***** Data under study

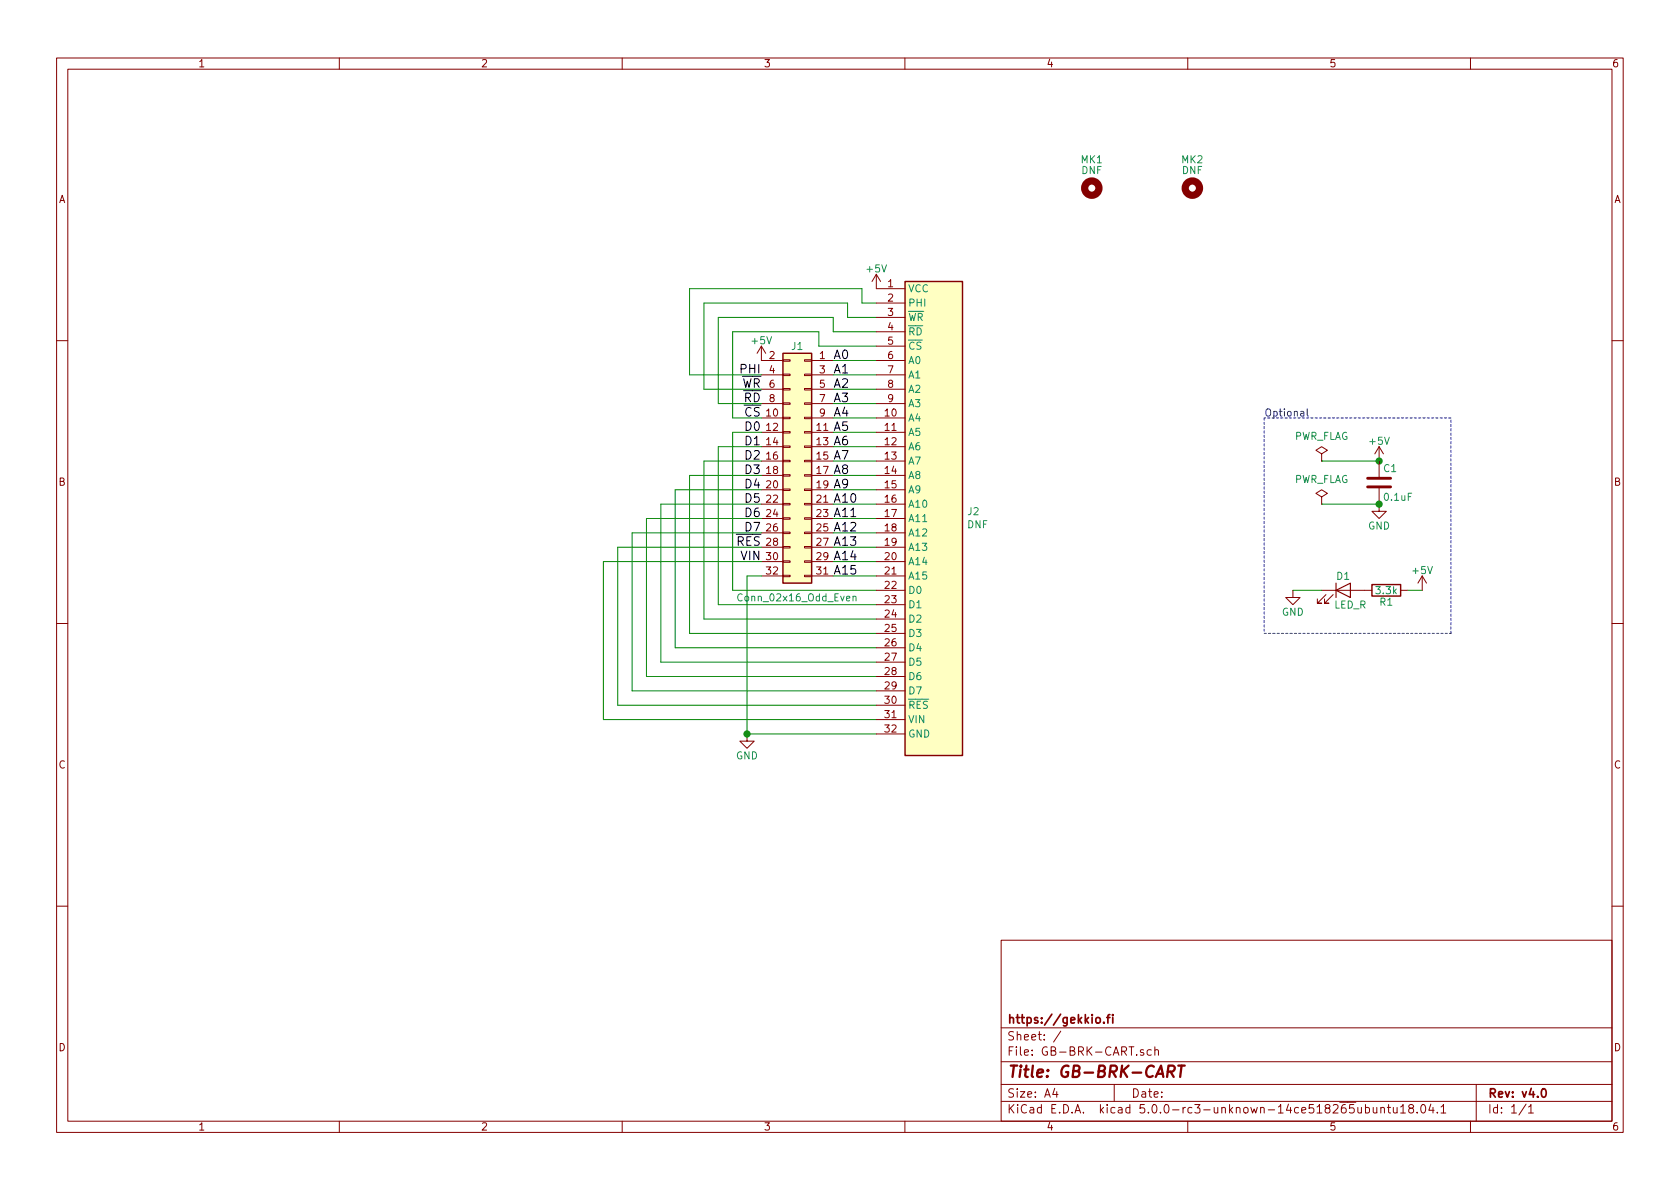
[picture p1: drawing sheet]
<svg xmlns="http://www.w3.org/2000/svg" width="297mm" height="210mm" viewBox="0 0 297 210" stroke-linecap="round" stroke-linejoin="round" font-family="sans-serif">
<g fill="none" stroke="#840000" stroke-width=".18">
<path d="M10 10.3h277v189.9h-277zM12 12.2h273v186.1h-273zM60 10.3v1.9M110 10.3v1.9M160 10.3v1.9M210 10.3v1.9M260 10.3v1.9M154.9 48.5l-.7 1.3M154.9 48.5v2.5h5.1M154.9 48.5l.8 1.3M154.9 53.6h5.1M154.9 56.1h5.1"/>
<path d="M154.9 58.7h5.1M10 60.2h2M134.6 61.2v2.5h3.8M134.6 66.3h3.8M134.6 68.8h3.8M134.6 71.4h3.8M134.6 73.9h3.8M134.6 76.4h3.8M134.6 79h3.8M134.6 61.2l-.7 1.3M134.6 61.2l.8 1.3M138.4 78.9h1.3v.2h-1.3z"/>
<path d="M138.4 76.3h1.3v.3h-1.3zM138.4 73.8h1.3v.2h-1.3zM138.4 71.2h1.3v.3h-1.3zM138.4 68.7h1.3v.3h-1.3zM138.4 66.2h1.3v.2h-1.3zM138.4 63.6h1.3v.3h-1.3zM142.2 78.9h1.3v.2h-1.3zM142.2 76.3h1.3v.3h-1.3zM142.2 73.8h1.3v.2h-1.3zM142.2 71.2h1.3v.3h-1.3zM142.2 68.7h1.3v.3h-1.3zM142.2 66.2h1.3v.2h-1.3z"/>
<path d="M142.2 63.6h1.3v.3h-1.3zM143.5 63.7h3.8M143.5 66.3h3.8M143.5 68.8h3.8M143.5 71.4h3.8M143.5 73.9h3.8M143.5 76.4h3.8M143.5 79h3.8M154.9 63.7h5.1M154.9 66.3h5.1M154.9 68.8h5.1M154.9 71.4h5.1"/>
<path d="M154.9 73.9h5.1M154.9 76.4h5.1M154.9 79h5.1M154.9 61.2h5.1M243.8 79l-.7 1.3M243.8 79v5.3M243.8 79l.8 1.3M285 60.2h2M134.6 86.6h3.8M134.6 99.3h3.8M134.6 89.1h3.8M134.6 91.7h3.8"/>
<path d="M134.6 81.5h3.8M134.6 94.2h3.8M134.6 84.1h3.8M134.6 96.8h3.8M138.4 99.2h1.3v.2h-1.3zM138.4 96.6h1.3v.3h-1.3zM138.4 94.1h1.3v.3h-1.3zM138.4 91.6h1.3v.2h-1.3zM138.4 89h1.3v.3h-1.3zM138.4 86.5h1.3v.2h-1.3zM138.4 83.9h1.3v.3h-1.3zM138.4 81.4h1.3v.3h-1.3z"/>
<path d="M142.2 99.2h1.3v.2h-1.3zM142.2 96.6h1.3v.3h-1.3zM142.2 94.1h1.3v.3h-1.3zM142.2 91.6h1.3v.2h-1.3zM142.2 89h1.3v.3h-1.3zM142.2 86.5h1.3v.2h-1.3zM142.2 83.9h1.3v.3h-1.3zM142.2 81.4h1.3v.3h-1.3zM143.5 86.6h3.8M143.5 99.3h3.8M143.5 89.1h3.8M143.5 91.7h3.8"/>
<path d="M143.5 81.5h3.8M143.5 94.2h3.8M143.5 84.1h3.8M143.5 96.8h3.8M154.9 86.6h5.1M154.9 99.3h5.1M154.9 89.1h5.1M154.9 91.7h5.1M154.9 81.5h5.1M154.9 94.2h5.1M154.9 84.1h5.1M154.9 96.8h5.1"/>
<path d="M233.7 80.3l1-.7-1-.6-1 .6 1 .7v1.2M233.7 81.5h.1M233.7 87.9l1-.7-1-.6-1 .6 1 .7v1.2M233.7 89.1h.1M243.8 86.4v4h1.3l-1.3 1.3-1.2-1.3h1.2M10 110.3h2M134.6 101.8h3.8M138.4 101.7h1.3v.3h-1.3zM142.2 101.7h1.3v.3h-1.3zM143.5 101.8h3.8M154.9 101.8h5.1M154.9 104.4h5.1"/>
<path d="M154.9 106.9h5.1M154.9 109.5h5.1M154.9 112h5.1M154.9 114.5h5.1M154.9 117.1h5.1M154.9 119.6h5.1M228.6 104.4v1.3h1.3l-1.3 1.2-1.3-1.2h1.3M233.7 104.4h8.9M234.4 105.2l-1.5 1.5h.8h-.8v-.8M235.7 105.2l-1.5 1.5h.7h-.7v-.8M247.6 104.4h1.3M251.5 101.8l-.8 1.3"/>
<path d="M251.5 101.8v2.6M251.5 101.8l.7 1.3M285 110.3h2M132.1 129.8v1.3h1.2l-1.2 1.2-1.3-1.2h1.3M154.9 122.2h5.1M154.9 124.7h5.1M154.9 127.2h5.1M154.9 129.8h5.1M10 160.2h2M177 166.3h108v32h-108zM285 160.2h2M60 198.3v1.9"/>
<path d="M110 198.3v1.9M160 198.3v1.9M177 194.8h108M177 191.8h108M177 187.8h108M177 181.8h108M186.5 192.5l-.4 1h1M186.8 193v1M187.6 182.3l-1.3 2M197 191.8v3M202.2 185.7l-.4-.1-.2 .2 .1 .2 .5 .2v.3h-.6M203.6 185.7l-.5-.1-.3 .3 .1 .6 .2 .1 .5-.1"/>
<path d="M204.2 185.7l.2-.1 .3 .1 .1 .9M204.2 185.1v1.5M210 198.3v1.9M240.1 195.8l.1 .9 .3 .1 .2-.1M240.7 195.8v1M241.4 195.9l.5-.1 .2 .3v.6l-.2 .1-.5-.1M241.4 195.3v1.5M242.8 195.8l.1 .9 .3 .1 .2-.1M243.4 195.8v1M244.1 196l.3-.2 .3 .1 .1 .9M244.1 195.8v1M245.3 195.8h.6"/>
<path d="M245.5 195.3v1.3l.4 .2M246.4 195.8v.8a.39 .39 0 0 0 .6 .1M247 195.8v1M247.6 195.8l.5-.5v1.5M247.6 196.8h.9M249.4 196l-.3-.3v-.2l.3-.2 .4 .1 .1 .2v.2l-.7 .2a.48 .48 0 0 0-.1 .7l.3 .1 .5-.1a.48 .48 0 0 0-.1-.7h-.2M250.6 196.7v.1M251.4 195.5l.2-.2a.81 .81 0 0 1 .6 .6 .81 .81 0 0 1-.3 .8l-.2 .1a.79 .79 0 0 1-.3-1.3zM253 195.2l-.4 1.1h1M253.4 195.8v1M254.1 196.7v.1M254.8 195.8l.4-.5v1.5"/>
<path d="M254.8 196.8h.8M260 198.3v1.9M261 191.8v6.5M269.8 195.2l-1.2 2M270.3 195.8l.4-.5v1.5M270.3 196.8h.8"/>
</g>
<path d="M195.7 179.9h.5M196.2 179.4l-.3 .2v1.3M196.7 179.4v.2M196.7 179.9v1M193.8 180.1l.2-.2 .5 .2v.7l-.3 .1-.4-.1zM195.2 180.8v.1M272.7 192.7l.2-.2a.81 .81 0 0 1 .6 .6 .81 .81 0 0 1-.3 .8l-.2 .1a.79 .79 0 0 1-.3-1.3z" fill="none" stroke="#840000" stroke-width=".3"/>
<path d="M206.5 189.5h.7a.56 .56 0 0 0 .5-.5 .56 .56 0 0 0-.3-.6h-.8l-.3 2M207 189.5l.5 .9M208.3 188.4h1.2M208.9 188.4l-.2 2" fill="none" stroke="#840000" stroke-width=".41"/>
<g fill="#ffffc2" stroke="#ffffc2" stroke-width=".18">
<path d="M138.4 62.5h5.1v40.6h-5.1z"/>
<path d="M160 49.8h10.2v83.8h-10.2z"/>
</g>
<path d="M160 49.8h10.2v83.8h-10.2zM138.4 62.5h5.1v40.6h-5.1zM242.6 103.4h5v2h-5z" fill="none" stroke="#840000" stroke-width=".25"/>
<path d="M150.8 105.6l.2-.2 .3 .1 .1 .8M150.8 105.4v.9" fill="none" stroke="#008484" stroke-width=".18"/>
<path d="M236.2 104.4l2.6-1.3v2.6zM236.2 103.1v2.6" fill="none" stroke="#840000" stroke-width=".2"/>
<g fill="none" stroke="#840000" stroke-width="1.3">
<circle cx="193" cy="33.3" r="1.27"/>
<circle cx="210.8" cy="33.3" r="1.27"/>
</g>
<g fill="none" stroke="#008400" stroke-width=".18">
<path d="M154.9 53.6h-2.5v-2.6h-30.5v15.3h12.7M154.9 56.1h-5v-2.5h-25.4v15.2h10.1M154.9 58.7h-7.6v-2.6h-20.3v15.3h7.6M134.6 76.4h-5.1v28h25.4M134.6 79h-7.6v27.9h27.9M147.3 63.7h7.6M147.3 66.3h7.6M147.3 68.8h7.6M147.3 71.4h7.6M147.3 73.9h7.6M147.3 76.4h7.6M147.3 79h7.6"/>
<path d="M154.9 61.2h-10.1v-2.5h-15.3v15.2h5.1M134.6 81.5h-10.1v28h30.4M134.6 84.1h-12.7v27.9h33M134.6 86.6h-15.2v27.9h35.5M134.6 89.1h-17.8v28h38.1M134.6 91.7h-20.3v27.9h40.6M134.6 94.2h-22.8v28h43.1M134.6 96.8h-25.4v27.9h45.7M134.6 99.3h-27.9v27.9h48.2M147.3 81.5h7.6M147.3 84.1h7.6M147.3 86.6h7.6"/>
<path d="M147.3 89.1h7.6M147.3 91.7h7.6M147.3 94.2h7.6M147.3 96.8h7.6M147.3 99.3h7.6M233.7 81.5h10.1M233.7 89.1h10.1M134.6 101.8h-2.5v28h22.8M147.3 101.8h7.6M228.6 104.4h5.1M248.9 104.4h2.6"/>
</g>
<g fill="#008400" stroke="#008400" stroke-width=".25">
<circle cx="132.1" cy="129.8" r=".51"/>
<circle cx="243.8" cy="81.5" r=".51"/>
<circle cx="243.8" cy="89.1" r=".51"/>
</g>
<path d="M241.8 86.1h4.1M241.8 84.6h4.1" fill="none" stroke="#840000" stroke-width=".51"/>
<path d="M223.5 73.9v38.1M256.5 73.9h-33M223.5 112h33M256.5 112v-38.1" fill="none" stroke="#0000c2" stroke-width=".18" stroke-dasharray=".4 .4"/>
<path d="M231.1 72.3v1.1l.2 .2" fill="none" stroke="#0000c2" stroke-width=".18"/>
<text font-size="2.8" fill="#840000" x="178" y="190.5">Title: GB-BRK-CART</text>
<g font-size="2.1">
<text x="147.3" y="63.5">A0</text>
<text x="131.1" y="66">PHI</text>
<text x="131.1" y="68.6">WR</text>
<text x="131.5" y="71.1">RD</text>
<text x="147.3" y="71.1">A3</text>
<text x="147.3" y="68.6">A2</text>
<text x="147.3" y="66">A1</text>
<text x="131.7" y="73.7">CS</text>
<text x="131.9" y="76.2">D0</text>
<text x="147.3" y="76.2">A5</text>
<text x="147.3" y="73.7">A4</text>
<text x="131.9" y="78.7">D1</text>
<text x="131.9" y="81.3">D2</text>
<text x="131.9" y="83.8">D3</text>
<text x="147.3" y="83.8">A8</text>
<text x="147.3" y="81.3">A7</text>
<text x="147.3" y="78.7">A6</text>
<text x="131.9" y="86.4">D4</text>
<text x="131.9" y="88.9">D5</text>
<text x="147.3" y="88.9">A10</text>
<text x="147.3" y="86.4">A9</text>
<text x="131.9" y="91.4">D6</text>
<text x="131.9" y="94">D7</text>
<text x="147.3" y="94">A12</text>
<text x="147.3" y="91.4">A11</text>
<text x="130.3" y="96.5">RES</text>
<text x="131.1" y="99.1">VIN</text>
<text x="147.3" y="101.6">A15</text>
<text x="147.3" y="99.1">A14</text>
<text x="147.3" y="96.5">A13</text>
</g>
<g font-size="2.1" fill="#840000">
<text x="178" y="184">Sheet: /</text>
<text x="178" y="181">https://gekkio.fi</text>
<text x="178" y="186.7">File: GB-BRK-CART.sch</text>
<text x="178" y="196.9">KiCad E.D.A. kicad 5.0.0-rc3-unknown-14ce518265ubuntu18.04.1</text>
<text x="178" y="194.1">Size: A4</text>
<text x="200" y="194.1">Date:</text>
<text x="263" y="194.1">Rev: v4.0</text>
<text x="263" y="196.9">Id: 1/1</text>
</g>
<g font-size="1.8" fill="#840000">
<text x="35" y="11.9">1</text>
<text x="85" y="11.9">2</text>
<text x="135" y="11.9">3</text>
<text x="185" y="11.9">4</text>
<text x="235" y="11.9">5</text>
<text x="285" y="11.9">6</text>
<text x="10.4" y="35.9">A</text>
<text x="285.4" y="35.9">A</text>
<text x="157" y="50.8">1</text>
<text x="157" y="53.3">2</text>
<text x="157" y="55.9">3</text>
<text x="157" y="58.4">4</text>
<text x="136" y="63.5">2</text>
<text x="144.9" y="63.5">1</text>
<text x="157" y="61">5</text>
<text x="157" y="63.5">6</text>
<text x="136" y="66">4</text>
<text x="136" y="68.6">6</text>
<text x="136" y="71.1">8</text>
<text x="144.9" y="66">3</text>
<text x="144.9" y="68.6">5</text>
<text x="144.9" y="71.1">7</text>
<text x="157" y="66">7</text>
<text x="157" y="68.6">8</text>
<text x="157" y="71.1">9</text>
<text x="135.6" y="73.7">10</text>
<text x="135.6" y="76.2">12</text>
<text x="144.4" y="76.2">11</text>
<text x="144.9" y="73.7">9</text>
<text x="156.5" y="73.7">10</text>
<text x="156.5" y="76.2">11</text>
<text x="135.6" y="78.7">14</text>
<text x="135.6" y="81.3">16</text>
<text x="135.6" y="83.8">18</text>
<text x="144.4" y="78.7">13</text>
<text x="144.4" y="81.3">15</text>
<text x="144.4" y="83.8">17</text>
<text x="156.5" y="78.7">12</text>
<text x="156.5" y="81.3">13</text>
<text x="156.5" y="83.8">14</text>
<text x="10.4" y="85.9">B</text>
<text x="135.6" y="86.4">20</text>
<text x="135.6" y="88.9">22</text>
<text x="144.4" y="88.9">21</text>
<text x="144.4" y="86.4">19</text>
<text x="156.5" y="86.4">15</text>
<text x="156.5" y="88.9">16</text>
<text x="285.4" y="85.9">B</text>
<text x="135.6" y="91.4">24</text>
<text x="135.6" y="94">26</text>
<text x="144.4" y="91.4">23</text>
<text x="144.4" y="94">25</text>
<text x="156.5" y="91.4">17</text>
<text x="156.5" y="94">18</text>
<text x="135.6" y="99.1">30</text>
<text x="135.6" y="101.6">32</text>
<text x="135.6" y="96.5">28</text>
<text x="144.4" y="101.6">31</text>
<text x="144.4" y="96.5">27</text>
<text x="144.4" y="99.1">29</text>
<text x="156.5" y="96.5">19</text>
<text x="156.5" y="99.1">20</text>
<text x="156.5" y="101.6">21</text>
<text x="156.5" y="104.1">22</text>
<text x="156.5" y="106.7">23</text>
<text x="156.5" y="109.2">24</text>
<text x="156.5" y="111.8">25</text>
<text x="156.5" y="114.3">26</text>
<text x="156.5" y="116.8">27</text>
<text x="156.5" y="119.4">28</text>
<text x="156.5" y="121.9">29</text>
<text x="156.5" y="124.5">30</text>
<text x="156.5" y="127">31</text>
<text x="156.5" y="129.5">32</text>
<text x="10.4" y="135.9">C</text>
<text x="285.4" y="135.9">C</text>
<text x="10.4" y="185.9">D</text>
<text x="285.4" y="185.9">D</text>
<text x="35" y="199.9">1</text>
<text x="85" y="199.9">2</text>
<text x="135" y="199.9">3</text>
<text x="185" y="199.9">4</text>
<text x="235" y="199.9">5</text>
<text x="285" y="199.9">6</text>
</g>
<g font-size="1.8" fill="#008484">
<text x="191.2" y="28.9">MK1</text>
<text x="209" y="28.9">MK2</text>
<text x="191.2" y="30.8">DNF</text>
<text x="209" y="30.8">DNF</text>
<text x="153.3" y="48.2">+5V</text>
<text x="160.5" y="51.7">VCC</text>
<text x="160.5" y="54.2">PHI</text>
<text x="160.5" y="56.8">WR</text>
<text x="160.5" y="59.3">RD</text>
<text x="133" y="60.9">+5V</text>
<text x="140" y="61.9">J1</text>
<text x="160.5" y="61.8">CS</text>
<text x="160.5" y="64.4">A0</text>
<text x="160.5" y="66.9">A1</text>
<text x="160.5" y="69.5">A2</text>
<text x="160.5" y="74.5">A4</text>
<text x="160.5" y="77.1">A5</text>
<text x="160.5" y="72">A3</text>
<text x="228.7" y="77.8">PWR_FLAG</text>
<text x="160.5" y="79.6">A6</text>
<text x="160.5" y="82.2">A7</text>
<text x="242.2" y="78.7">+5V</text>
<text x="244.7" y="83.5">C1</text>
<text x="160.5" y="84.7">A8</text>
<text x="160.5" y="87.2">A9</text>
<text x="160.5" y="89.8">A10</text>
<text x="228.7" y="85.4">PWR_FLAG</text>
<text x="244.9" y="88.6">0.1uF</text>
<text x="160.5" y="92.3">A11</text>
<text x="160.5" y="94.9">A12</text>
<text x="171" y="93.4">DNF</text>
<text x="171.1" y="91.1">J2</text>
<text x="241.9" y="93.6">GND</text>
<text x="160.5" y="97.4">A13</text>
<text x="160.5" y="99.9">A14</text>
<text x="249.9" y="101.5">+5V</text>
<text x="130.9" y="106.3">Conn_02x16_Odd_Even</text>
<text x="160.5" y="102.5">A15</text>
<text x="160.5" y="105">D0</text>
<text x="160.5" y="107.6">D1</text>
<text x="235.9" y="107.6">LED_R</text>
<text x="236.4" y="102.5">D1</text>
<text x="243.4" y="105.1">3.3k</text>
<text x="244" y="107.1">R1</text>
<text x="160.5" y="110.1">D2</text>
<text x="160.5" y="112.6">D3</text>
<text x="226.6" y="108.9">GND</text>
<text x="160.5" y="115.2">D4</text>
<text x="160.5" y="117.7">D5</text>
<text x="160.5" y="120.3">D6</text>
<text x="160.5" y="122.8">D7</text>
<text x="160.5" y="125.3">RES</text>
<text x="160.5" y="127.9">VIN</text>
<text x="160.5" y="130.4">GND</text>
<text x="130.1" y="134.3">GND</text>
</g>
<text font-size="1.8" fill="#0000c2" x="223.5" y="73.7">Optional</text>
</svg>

**********

**Task goal:**
Respond with the count of lines in the material above that contain the word "circle", and add nothing to it.

**Expected output:**
5